Relatório alerta: Portugal tem baixa taxa de condenações na violência contra mulheres

violencia
Fotografia: DR

Portugal continua a penalizar pouco a violência contra as mulheres. A conclusão é de um relatório do Conselho da Europa, o primeiro que avalia a situação de Portugal, nesta matéria, depois de o país ter assinado, em 2013, a Convenção do Conselho da Europa para a Prevenção e o Combate à Violência Contra as Mulheres e a Violência Doméstica, designada como Convenção de Istambul.

A avaliação é da responsabilidade do Grupo de Peritos para o Combate à Violência contra as Mulheres e a Violência Doméstica (GREVIO, na sigla em inglês), órgão especializado e independente, previsto na convenção, que tem a missão de monitorizar a aplicação do texto por parte dos Estados signatários.

De acordo com o documento, publicado pela Agência Lusa, Portugal fez “progressos significativos” contra a violência contra mulheres e até é pioneiro em certas áreas, mas regista uma baixa taxa de condenações e necessita de uma “coordenação mais robusta” entre as agências governamentais.

“O GREVIO reconhece o compromisso significativo das autoridades portuguesas e os progressos alcançados”, indica o relatório assinado pelo grupo de peritos, que aponta, no entanto, um conjunto de deficiências e recomenda ao longo de cerca de 80 páginas medidas para melhorar a proteção das vítimas, os procedimentos judiciais contra os agressores e a área da prevenção.

Segundo o GREVIO, e no seguimento da ratificação da Convenção de Istambul, Portugal alargou o âmbito das políticas públicas, tendo instituído a criminalização de outras formas de violência contra as mulheres, como a perseguição, o casamento forçado e a mutilação genital feminina.

Os esforços feitos para combater este último ponto são mesmo um dos aspetos saudados pelo grupo de peritos, que os levam a classificar Portugal como “um pioneiro na área”. Mas os peritos recomendam que esses esforços abranjam outras situações de violência.

“O GREVIO apela a Portugal para que desenvolva programas de longo prazo que abordem todas as formas de violência cobertas pela Convenção e se baseiem nos progressos já alcançados”, aponta o documento.

O relatório europeu elogia igualmente o papel assumido pela Comissão para a Cidadania e a Igualdade de Género (CIG) na aplicação, na monitorização e na avaliação das políticas relacionadas com a igualdade de género e a violência baseada no género.
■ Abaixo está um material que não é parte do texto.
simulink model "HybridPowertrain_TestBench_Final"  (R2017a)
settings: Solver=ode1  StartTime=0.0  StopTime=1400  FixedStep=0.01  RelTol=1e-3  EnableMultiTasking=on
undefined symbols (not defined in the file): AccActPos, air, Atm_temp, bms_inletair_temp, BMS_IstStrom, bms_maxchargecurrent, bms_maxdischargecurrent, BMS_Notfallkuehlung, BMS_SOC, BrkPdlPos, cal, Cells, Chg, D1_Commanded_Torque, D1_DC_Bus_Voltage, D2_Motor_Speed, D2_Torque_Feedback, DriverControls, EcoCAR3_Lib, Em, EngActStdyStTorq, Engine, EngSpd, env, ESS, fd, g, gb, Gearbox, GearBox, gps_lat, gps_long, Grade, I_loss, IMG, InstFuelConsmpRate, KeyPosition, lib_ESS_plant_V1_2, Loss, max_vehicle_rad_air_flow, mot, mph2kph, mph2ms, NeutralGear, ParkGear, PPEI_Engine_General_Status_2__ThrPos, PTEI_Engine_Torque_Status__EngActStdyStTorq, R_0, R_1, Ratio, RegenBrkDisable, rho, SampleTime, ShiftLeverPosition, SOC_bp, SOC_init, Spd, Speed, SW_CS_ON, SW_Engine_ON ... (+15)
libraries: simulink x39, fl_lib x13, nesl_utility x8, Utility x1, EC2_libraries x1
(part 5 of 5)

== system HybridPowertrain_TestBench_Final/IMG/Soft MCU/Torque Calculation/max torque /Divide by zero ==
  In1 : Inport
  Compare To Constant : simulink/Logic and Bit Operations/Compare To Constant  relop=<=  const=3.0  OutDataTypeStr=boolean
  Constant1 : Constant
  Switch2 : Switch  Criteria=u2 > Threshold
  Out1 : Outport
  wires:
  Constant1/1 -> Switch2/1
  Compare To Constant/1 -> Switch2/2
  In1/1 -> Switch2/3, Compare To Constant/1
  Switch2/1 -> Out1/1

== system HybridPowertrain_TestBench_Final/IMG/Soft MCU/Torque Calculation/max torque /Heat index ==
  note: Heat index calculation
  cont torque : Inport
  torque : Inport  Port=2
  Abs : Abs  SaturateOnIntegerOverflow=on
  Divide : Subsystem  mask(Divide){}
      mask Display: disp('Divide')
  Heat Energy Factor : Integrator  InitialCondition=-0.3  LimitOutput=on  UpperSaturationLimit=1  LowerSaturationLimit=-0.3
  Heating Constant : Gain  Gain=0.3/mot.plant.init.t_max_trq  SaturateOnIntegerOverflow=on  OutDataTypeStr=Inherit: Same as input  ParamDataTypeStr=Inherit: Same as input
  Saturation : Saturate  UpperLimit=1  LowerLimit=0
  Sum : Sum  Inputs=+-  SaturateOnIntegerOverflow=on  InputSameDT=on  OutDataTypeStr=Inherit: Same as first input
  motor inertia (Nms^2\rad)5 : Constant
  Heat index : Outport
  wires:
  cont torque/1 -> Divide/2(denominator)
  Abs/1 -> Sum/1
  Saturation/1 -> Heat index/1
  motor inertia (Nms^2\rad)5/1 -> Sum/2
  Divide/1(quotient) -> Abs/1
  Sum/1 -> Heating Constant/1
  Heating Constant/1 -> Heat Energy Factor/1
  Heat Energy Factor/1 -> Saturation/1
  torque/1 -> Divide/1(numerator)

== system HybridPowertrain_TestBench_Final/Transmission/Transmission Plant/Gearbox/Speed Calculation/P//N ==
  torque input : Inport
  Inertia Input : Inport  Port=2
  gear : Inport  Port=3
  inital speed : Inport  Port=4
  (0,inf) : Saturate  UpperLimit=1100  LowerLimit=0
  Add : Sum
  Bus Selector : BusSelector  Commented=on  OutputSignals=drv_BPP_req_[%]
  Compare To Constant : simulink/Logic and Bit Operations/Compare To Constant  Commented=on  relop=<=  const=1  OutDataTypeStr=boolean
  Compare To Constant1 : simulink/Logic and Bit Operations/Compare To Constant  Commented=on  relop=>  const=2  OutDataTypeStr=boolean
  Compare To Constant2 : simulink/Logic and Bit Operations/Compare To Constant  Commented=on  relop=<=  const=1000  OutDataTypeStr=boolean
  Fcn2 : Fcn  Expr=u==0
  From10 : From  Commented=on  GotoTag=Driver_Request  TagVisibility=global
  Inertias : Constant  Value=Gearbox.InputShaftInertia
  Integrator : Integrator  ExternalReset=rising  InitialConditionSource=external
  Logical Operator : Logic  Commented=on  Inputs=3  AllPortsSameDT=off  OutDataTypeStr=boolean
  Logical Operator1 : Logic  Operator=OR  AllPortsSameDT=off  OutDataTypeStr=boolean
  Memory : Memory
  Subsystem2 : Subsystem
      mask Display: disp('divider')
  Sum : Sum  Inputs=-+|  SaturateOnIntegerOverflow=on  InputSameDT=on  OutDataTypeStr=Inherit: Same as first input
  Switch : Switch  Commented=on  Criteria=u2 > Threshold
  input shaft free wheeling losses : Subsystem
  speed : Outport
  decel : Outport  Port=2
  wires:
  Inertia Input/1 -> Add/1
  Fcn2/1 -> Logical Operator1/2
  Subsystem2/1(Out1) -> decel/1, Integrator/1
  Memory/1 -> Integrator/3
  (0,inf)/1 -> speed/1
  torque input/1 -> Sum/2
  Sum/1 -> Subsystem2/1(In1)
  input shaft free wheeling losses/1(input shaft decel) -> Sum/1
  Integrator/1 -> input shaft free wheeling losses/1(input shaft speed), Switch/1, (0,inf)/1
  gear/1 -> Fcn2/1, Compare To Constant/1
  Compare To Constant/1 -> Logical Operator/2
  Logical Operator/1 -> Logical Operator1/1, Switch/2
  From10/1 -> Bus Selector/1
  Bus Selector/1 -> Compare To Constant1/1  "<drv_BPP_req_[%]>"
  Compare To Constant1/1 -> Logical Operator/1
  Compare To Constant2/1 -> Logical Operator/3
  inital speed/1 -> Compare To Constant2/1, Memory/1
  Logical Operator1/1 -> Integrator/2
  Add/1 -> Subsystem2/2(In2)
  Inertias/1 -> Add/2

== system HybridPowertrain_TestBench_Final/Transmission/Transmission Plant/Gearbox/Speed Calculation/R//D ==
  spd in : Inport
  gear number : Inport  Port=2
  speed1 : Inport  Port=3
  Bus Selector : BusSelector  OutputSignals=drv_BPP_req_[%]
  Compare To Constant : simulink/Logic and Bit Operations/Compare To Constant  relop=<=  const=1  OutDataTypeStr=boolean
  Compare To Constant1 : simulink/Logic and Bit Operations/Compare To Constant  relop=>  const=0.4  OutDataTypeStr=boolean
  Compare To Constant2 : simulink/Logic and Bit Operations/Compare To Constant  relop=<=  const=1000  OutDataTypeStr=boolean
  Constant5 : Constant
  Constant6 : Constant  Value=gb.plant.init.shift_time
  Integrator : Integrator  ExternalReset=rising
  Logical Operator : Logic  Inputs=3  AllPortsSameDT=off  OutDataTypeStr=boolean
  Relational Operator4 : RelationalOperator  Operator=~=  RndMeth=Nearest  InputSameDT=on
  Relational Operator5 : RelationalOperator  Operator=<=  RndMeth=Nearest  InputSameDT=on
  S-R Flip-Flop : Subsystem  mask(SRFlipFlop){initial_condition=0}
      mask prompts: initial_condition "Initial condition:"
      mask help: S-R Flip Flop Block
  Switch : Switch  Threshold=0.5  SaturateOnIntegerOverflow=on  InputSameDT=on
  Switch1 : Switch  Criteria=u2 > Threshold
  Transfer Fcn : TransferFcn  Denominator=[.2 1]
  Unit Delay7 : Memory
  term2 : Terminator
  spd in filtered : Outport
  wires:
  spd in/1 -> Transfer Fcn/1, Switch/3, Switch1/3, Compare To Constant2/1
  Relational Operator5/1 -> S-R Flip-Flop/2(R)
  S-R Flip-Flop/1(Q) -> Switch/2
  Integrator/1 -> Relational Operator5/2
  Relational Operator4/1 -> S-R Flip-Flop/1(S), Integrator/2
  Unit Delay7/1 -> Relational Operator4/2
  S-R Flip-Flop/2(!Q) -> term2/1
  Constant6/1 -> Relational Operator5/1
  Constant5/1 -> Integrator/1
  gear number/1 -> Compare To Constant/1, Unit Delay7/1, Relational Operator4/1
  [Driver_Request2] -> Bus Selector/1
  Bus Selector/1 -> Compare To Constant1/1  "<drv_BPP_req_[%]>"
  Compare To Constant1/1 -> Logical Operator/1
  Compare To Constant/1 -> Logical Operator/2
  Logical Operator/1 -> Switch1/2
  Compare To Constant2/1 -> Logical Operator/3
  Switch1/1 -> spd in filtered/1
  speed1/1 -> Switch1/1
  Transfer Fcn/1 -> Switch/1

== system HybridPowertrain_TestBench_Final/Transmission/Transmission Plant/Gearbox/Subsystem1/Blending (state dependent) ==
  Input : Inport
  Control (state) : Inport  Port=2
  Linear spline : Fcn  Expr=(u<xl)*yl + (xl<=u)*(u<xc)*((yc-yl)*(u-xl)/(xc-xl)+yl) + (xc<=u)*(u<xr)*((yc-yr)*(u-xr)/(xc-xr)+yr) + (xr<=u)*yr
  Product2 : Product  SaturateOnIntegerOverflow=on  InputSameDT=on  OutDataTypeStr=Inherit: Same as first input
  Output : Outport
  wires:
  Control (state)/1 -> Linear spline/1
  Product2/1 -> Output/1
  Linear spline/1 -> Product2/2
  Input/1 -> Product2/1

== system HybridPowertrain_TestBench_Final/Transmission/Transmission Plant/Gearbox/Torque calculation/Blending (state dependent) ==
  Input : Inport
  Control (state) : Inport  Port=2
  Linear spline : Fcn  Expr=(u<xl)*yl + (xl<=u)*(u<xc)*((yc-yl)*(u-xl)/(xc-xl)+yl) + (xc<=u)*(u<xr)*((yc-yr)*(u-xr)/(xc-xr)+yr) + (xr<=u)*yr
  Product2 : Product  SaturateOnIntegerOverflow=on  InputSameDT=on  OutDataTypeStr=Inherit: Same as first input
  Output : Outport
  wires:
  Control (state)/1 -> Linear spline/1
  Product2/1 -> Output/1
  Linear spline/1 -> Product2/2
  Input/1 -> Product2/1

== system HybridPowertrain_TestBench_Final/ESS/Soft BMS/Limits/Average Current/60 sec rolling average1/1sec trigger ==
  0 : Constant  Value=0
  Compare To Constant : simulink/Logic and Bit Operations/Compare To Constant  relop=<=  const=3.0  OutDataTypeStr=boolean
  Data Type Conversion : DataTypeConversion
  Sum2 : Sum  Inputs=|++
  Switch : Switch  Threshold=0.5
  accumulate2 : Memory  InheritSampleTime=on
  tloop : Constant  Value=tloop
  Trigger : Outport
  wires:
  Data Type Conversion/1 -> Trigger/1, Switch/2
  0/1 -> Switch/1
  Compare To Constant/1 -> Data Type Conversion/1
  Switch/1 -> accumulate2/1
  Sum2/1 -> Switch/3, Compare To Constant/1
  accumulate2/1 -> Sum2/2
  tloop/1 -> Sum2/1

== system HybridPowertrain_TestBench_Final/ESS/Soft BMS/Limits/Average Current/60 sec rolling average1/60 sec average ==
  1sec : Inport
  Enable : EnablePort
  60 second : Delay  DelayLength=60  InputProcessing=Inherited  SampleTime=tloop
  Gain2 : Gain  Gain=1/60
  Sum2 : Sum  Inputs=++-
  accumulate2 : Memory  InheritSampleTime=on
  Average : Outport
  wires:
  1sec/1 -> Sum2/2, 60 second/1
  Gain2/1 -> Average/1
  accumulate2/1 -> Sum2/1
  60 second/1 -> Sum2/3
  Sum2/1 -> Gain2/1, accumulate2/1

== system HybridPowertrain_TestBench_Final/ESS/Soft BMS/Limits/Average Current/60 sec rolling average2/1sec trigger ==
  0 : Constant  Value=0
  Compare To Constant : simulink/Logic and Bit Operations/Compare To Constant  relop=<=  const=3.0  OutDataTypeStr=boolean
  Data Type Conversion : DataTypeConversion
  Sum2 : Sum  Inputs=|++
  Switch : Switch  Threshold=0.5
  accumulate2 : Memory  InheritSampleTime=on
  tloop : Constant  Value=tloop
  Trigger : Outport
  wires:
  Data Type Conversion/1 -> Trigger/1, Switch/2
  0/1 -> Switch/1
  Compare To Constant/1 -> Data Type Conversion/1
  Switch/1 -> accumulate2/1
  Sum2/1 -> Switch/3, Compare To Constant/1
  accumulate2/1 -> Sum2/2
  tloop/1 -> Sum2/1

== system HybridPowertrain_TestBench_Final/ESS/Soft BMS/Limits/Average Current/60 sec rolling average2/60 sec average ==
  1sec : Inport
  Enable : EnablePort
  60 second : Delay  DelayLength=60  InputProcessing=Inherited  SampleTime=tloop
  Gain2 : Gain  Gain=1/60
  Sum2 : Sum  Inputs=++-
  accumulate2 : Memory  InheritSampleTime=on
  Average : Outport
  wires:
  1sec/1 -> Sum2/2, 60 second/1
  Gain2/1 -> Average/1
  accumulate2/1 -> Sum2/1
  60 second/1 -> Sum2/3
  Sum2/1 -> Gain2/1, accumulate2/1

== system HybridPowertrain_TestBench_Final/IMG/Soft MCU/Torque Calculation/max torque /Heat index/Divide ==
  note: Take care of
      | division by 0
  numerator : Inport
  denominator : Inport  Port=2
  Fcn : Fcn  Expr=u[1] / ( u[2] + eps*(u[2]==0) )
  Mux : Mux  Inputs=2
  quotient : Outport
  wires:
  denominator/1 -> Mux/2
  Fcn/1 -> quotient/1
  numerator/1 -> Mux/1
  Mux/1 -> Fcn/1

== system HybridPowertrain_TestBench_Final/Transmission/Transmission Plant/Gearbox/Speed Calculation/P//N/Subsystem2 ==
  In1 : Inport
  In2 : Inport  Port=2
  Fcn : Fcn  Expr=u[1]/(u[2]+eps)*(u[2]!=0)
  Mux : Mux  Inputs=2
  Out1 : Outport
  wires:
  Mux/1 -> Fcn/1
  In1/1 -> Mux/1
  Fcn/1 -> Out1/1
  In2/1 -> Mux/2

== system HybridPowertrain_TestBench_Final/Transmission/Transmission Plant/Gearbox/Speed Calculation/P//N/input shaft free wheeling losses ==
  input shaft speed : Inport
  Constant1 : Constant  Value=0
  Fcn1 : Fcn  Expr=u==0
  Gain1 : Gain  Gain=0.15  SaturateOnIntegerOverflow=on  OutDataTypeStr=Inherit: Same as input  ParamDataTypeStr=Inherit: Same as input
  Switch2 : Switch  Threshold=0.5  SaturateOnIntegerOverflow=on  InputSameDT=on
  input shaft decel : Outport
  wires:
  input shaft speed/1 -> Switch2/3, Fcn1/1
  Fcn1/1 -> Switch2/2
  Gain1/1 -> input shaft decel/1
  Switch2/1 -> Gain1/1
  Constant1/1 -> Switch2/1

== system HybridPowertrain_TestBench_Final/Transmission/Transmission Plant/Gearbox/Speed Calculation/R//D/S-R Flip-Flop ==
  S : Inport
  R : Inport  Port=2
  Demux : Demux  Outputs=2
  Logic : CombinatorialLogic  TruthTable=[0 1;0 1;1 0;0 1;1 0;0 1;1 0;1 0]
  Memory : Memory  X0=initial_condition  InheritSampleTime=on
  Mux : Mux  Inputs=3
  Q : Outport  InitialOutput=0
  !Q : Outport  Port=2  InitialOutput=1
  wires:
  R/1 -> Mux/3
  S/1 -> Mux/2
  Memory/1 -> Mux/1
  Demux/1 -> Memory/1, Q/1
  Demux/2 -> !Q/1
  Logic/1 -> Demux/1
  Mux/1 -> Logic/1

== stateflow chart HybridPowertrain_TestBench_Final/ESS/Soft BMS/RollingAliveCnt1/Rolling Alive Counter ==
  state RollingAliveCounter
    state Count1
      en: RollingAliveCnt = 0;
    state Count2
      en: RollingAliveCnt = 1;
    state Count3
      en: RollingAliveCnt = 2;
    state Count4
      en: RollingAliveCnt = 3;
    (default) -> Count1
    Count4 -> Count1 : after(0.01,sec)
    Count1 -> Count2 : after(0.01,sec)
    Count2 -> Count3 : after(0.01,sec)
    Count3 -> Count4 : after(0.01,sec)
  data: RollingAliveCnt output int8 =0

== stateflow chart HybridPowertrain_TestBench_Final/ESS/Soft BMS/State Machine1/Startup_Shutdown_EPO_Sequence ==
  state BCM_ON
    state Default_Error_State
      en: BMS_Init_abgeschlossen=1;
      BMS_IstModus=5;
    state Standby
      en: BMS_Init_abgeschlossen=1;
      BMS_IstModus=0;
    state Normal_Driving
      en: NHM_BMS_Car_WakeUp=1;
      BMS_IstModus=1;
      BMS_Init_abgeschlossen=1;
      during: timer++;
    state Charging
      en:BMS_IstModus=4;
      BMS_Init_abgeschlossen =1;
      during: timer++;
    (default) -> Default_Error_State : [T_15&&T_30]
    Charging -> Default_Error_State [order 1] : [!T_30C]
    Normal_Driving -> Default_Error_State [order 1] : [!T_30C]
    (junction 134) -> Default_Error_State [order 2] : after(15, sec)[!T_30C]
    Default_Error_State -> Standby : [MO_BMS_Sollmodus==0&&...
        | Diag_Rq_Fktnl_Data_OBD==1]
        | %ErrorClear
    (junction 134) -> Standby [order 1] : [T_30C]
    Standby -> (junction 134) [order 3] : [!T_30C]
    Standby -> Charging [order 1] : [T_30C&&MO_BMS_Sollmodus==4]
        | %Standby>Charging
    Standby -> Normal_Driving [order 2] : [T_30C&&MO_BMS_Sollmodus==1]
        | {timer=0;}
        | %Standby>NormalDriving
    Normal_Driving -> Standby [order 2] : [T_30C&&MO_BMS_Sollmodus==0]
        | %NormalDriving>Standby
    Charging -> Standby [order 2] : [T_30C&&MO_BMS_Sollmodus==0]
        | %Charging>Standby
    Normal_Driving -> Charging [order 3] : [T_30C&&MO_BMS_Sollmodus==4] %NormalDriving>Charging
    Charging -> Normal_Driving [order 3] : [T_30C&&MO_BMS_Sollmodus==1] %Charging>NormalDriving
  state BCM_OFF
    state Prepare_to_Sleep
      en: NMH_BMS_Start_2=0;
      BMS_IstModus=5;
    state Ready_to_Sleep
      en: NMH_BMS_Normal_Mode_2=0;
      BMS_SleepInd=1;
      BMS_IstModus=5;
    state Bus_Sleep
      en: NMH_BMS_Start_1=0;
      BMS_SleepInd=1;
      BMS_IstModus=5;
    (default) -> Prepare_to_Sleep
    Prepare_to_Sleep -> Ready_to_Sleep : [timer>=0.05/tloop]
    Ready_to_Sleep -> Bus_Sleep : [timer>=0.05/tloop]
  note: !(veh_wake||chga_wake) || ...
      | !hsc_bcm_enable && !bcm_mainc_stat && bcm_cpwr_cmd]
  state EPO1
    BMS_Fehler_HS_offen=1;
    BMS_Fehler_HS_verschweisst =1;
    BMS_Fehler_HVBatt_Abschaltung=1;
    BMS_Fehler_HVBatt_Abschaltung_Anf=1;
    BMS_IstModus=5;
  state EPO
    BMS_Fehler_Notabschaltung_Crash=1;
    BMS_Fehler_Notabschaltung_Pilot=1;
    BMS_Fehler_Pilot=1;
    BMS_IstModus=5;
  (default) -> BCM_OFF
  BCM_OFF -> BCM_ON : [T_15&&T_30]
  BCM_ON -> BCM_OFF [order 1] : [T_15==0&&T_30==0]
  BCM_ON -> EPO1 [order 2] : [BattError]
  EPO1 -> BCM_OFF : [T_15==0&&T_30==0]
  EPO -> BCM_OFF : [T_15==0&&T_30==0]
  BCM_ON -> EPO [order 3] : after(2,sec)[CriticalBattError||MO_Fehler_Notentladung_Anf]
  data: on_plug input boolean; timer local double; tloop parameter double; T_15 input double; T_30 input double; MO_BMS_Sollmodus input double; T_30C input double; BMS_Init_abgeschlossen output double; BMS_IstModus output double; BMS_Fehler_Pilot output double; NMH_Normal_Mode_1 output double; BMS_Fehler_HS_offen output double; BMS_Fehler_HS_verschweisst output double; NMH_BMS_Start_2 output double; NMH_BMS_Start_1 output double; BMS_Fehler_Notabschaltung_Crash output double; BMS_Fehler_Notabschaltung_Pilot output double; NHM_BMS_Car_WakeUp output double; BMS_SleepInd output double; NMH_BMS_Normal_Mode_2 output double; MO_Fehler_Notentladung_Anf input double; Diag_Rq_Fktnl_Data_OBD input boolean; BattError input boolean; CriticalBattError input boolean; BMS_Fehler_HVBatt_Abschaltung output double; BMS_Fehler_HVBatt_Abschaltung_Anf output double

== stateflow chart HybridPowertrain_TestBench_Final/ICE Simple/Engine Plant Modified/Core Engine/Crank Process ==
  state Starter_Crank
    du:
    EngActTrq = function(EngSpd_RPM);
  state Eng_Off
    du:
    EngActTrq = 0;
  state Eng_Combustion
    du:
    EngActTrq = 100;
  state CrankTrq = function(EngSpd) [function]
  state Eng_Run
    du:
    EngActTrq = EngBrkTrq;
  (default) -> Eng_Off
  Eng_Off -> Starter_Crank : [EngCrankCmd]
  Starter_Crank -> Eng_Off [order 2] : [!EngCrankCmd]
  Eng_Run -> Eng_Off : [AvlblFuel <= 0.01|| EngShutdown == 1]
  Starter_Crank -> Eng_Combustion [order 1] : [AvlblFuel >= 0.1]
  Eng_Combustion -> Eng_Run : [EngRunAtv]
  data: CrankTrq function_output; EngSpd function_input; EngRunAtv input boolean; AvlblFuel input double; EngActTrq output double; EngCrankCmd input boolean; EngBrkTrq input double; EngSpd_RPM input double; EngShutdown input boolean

Mas considera que “a implementação de planos de ação nacionais (…) beneficiaria de uma coordenação mais robusta entre as agências governamentais”, frisa o texto, que aconselha igualmente, e para melhorias operacionais, “um maior envolvimento das autoridades locais”.

O relatório do GREVIO destaca também os esforços de Portugal em combater os estereótipos de género e em aumentar a consciencialização sobre a prevalência da violência contra as mulheres, especialmente entre as gerações mais jovens, através de medidas, como as políticas de prevenção da violência no namoro, e os progressos alcançados “na promoção da igualdade de género e no combate à discriminação de género no local de trabalho”.

O documento reconhece ainda o “progresso alcançado na construção de uma moldura legislativa sólida para abordar a violência contra as mulheres”, porém alerta para “uma área de particular preocupação”, que é “a definição de violação que não se baseia apenas na ausência de consentimento livre e requer o uso de ‘restrição'”.

Este aspeto foi, de resto, debatido no Parlamento, recentemente, que aprovou por unanimidade os projetos de lei de Bloco de Esquerda (BE) e partido Pesoas-Animais-Natureza (PAN) para definir como crime violação a relação sexual sem o consentimento de uma das partes. Os dois diplomas pretendem introduzir alterações ao Código Penal para criminalizar o sexo sem consentimento, seguindo o disposto na Convenção de Istambul. Os partidos aceitaram que os diplomas, mesmo sem votação na generalidade, seguissem em frente e baixassem à comissão de especialidade por 60 dias.

Outro foco de preocupação do órgão independente é “o uso generalizado de processos suspensos e a falta generalizada de ênfase na obtenção de condenações em casos de violência contra as mulheres”.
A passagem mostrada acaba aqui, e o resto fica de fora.